Since we now have a Counting Bloom Filter, we can now delete keys. The following example shows the removal of a key and the lookup of that key after the deletion. Of course, this lookup should fail.

In [None]:
s = 'erin@hotmail.com'

delete_key(s, B, num_digits, num_hash_functions, bits_per_counter)

found = check_key_counting(s, B, num_digits, num_hash_functions)

if found == True:
    print('Key "{}" is (most likely!) in B'.format(s))
else:
    print('Key "{}" is definitely not in B'.format(s))


**Important:** This implementation of a Counting Bloom Filter is rather simplistic. For example, when delete a key, the method `update_key()` does not check if updating all counters were successful. For example, it can happen that decreasing the counter with respect to the first 2 hash functions will work but fail for the 3rd hash function. This should raise an exception and should not decrease any of the 3 counters.

---

## Summary

Bloom filters are probabilistic data structures used for efficient membership testing in data mining and information retrieval applications. They provide a space-efficient solution for determining whether an element is a member of a set or not, using a minimal amount of memory.
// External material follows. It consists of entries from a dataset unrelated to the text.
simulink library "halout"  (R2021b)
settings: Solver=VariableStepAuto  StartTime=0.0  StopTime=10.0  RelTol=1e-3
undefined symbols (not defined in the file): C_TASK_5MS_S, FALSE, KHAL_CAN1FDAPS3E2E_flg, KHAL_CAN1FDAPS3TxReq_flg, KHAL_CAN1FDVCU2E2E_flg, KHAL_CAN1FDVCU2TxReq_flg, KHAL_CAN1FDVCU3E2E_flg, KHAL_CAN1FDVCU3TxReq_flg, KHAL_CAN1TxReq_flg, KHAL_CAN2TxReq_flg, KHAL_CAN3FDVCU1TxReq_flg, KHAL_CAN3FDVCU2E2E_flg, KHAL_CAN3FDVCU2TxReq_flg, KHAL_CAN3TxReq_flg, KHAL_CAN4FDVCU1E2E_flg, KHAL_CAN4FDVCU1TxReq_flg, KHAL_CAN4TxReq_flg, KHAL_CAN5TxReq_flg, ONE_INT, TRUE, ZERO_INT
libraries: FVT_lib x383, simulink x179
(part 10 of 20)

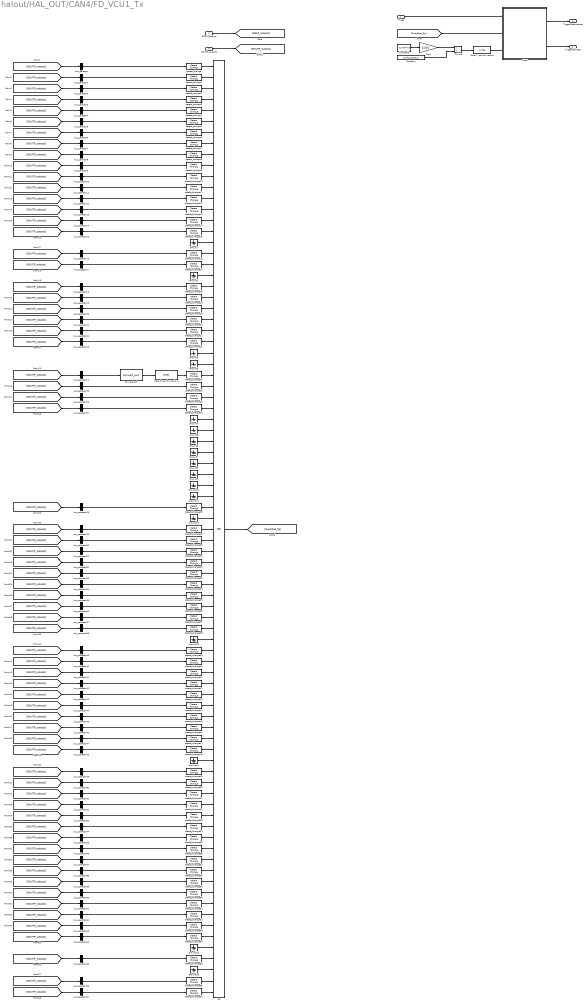
== system halout/HAL_OUT/CAN4/FD_VCU1_Tx ==
  TxReq : Inport
  BSCP_outputs : Inport  Port=2  OutDataTypeStr=Bus: BSCP_outputs
  BOUTP_outputs : Inport  Port=3  OutDataTypeStr=Bus: BOUTP_outputs
  Chart : Stateflow chart  TreatAsAtomicUnit=on
  Constant : Constant  Value=C_TASK_5MS_S
  Constant3 : Constant  Value=CycleTime
  Data Type Conversion : DataTypeConversion  OutDataTypeStr=uint16
  Data Type Conversion1 : DataTypeConversion  OutDataTypeStr=uint8
  Divide : Product  Inputs=*/
  Gain : Gain  Gain=0.001
  Ground{,1..16} (17 alike) : Ground
  OR : Logic  Operator=OR  Inputs=85  AllPortsSameDT=off  OutDataTypeStr=boolean
  bus_selector : BusSelector  OutputSignals=VOUTP_AllDoorSW_flg
  bus_selector1 : BusSelector  OutputSignals=VOUTP_AmbLightBreath1_flg
  bus_selector10 : BusSelector  OutputSignals=VOUTP_AntitheftSeatFlod_flg
  bus_selector11 : BusSelector  OutputSignals=VOUTP_AntitheftSta_enum
  bus_selector12 : BusSelector  OutputSignals=VOUTP_BCMBuzzerReq_flg
  bus_selector13 : BusSelector  OutputSignals=VOUTP_BCMDoorLockSta_flg
  bus_selector14 : BusSelector  OutputSignals=VOUTP_BrakeLamp_flg
  bus_selector15 : BusSelector  OutputSignals=VOUTP_CCCtrlSta_enum
  bus_selector16 : BusSelector  OutputSignals=VOUTP_CTDCtrl_enum
  bus_selector17 : BusSelector  OutputSignals=VOUTP_CTDLockSW_flg
  bus_selector18 : BusSelector  OutputSignals=VOUTP_CrashDetd_flg
  bus_selector19 : BusSelector  OutputSignals=VOUTP_CtrlDrPwrStbA2_flg
  bus_selector2 : BusSelector  OutputSignals=VOUTP_AmbLightBreath2_flg
  bus_selector20 : BusSelector  OutputSignals=VOUTP_CtrlFrBMSCCUCIR_flg
  bus_selector21 : BusSelector  OutputSignals=VOUTP_CtrlFrEDUINVERTER_flg
  bus_selector22 : BusSelector  OutputSignals=VOUTP_CtrlFrRC1_flg
  bus_selector23 : BusSelector  OutputSignals=VOUTP_CtrlFrPwrStbA1P_flg
  bus_selector24 : BusSelector  OutputSignals=VOUTP_Dimmer_pct
  bus_selector25 : BusSelector  OutputSignals=VOUTP_DimmerEN_flg
  bus_selector26 : BusSelector  OutputSignals=VOUTP_DoorLockIND_flg
  bus_selector27 : BusSelector  OutputSignals=VOUTP_DrDoorSW_flg
  bus_selector28 : BusSelector  OutputSignals=VOUTP_FrChargingDoorCtrl_enum
  bus_selector29 : BusSelector  OutputSignals=VOUTP_FrWiperH_flg
  bus_selector3 : BusSelector  OutputSignals=VOUTP_AmbLightBreath3_flg
  bus_selector30 : BusSelector  OutputSignals=VOUTP_FrWiperL_flg
  bus_selector31 : BusSelector  OutputSignals=VOUTP_HWResetSta_enum
  bus_selector32 : BusSelector  OutputSignals=VOUTP_HBeam_flg
  bus_selector33 : BusSelector  OutputSignals=VOUTP_HazardSW_flg
  bus_selector34 : BusSelector  OutputSignals=VOUTP_HoodSW_flg
  bus_selector35 : BusSelector  OutputSignals=VOUTP_HornCtrl_flg
  bus_selector36 : BusSelector  OutputSignals=VOUTP_LBSD_flg
  bus_selector37 : BusSelector  OutputSignals=VOUTP_LDRL_flg
  bus_selector38 : BusSelector  OutputSignals=VOUTP_LTurnLP_flg
  bus_selector39 : BusSelector  OutputSignals=VOUTP_LBeam_flg
  bus_selector4 : BusSelector  OutputSignals=VOUTP_AmbLightBrightness1_enum
  bus_selector40 : BusSelector  OutputSignals=VOUTP_LampPwr_flg
  bus_selector41 : BusSelector  OutputSignals=VOUTP_LockSetting_flg
  bus_selector42 : BusSelector  OutputSignals=VOUTP_MSACtrlSta_enum
  bus_selector43 : BusSelector  OutputSignals=VOUTP_MirrorCtrl_enum
  bus_selector44 : BusSelector  OutputSignals=VOUTP_MirrorDefog_flg
  bus_selector45 : BusSelector  OutputSignals=VOUTP_PosLamp_flg
  bus_selector46 : BusSelector  OutputSignals=VOUTP_PsDoorSW_flg
  bus_selector47 : BusSelector  OutputSignals=VOUTP_PowerSta_enum
  bus_selector48 : BusSelector  OutputSignals=VOUTP_RBSD_flg
  bus_selector49 : BusSelector  OutputSignals=VOUTP_RDRL_flg
  bus_selector5 : BusSelector  OutputSignals=VOUTP_AmbLightBrightness2_enum
  bus_selector50 : BusSelector  OutputSignals=VOUTP_RLDoorSW_flg
  bus_selector51 : BusSelector  OutputSignals=VOUTP_RRDoorSW_flg
  bus_selector52 : BusSelector  OutputSignals=VOUTP_RTurnLP_flg
  bus_selector53 : BusSelector  OutputSignals=VOUTP_ReBrakeLPReq_flg
  bus_selector54 : BusSelector  OutputSignals=VOUTP_ReverseLamp_flg
  bus_selector55 : BusSelector  OutputSignals=VOUTP_RoomLampH_flg
  bus_selector56 : BusSelector  OutputSignals=VOUTP_RoomLampL_flg
  bus_selector57 : BusSelector  OutputSignals=VOUTP_RrChargingDoorCtrl_enum
  bus_selector58 : BusSelector  OutputSignals=VOUTP_RrDefog_flg
  bus_selector59 : BusSelector  OutputSignals=VOUTP_RrFogLamp_flg
  bus_selector6 : BusSelector  OutputSignals=VOUTP_AmbLightBrightness3_enum
  bus_selector60 : BusSelector  OutputSignals=VOUTP_RrWiper_flg
  bus_selector61 : BusSelector  OutputSignals=VOUTP_ShiftGearPosn_enum
  bus_selector62 : BusSelector  OutputSignals=VOUTP_TailgateHDSW_flg
  bus_selector63 : BusSelector  OutputSignals=VOUTP_TailgateRemote_enum
  bus_selector64 : BusSelector  OutputSignals=VOUTP_TailgateSW_flg
  bus_selector65 : BusSelector  OutputSignals=VOUTP_TrunkRel_flg
  bus_selector66 : BusSelector  OutputSignals=VOUTP_WasherCtrl_enum
  bus_selector67 : BusSelector  OutputSignals=VOUTP_WiperFixMode_flg
  bus_selector7 : BusSelector  OutputSignals=VOUTP_AmbLightColor1_enum
  bus_selector8 : BusSelector  OutputSignals=VOUTP_AmbLightColor2_enum
  bus_selector9 : BusSelector  OutputSignals=VOUTP_AmbLightColor3_enum
  convert_out : FVT_lib/hal/convert_out  gain=1  offset=0
  detect_change{,1..67} (68 alike) : simulink/Logic and Bit Operations/Detect Change  vinit=0  OutDataTypeStr=boolean
  TriggerDataUpdate : Outport
  TriggerCallCDD : Outport  Port=2
  wires:
  Data Type Conversion/1 -> Chart/3(CycleCnt)
  TxReq/1 -> Chart/1(TxReq)
  [EventReq_flg] -> Chart/2(EventReq)
  Constant/1 -> Divide/2
  Divide/1 -> Data Type Conversion/1
  Gain/1 -> Divide/1
  Constant3/1 -> Gain/1
  BSCP_outputs/1 -> [BSCP_outputs]
  BOUTP_outputs/1 -> [BOUTP_outputs]
  OR/1 -> [EventReq_flg]
  detect_change/1 -> OR/1
  bus_selector/1 -> detect_change/1  "<VOUTP_AllDoorSW_flg>"
  [BOUTP_outputs] -> bus_selector/1
  detect_change1/1 -> OR/2
  bus_selector1/1 -> detect_change1/1  "<VOUTP_AmbLightBreath1_flg>"
  [BOUTP_outputs] -> bus_selector1/1
  detect_change2/1 -> OR/3
  bus_selector2/1 -> detect_change2/1  "<VOUTP_AmbLightBreath2_flg>"
  [BOUTP_outputs] -> bus_selector2/1
  detect_change3/1 -> OR/4
  bus_selector3/1 -> detect_change3/1  "<VOUTP_AmbLightBreath3_flg>"
  [BOUTP_outputs] -> bus_selector3/1
  detect_change4/1 -> OR/5
  bus_selector4/1 -> detect_change4/1  "<VOUTP_AmbLightBrightness1_enum>"
  [BOUTP_outputs] -> bus_selector4/1
  detect_change5/1 -> OR/6
  bus_selector5/1 -> detect_change5/1  "<VOUTP_AmbLightBrightness2_enum>"
  [BOUTP_outputs] -> bus_selector5/1
  detect_change6/1 -> OR/7
  bus_selector6/1 -> detect_change6/1  "<VOUTP_AmbLightBrightness3_enum>"
  [BOUTP_outputs] -> bus_selector6/1
  detect_change7/1 -> OR/8
  bus_selector7/1 -> detect_change7/1  "<VOUTP_AmbLightColor1_enum>"
  [BOUTP_outputs] -> bus_selector7/1
  detect_change8/1 -> OR/9
  bus_selector8/1 -> detect_change8/1  "<VOUTP_AmbLightColor2_enum>"
  [BOUTP_outputs] -> bus_selector8/1
  detect_change9/1 -> OR/10
  bus_selector9/1 -> detect_change9/1  "<VOUTP_AmbLightColor3_enum>"
  [BOUTP_outputs] -> bus_selector9/1
  detect_change10/1 -> OR/11
  bus_selector10/1 -> detect_change10/1  "<VOUTP_AntitheftSeatFlod_flg>"
  [BOUTP_outputs] -> bus_selector10/1
  detect_change11/1 -> OR/12
  bus_selector11/1 -> detect_change11/1  "<VOUTP_AntitheftSta_enum>"
  [BOUTP_outputs] -> bus_selector11/1
  detect_change12/1 -> OR/13
  bus_selector12/1 -> detect_change12/1  "<VOUTP_BCMBuzzerReq_flg>"
  [BOUTP_outputs] -> bus_selector12/1
  detect_change13/1 -> OR/14
  bus_selector13/1 -> detect_change13/1  "<VOUTP_BCMDoorLockSta_flg>"
  [BOUTP_outputs] -> bus_selector13/1
  detect_change14/1 -> OR/15
  bus_selector14/1 -> detect_change14/1  "<VOUTP_BrakeLamp_flg>"
  [BOUTP_outputs] -> bus_selector14/1
  detect_change15/1 -> OR/16
  bus_selector15/1 -> detect_change15/1  "<VOUTP_CCCtrlSta_enum>"
  [BOUTP_outputs] -> bus_selector15/1
  Ground/1 -> OR/17
  detect_change16/1 -> OR/18
  bus_selector16/1 -> detect_change16/1  "<VOUTP_CTDCtrl_enum>"
  [BOUTP_outputs] -> bus_selector16/1
  detect_change17/1 -> OR/19
  bus_selector17/1 -> detect_change17/1  "<VOUTP_CTDLockSW_flg>"
  [BOUTP_outputs] -> bus_selector17/1
  Ground1/1 -> OR/20
  detect_change18/1 -> OR/21
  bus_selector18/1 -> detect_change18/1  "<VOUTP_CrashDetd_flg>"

The key advantage of Bloom filters is their compactness. They require significantly less memory compared to storing the entire set of elements. This makes them suitable for scenarios where memory usage is a concern. Additionally, Bloom filters offer constant-time complexity for insertion and membership testing operations, regardless of the size of the set.

However, Bloom filters come with some limitations. One notable drawback is the potential for false positives. Due to the probabilistic nature of the data structure, there is a small probability of mistakenly indicating that an element is in the set when it is not. The probability of false positives increases as the number of elements in the set or the occupancy of the Bloom filter increases.

Another limitation is that at least Bloom filters do not support element deletion. Once an element is inserted, it cannot be removed from the filter without affecting the accuracy of other elements. Therefore, Bloom filters are typically used for static sets or applications where insertions are frequent but deletions are not required. While Counting Bloom filters support element deletion, they come with the trade-off of increased memory requirements (and some additional computing requirements).

In summary, Bloom filters offer a space-efficient solution for membership testing by utilizing a compact bit array and independent hash functions. They provide fast insertion and lookup operations with a low memory footprint. However, the trade-off is a possibility of false positives and the inability to delete elements. Bloom filters are well-suited for scenarios where memory efficiency is crucial, and a small rate of false positives is acceptable.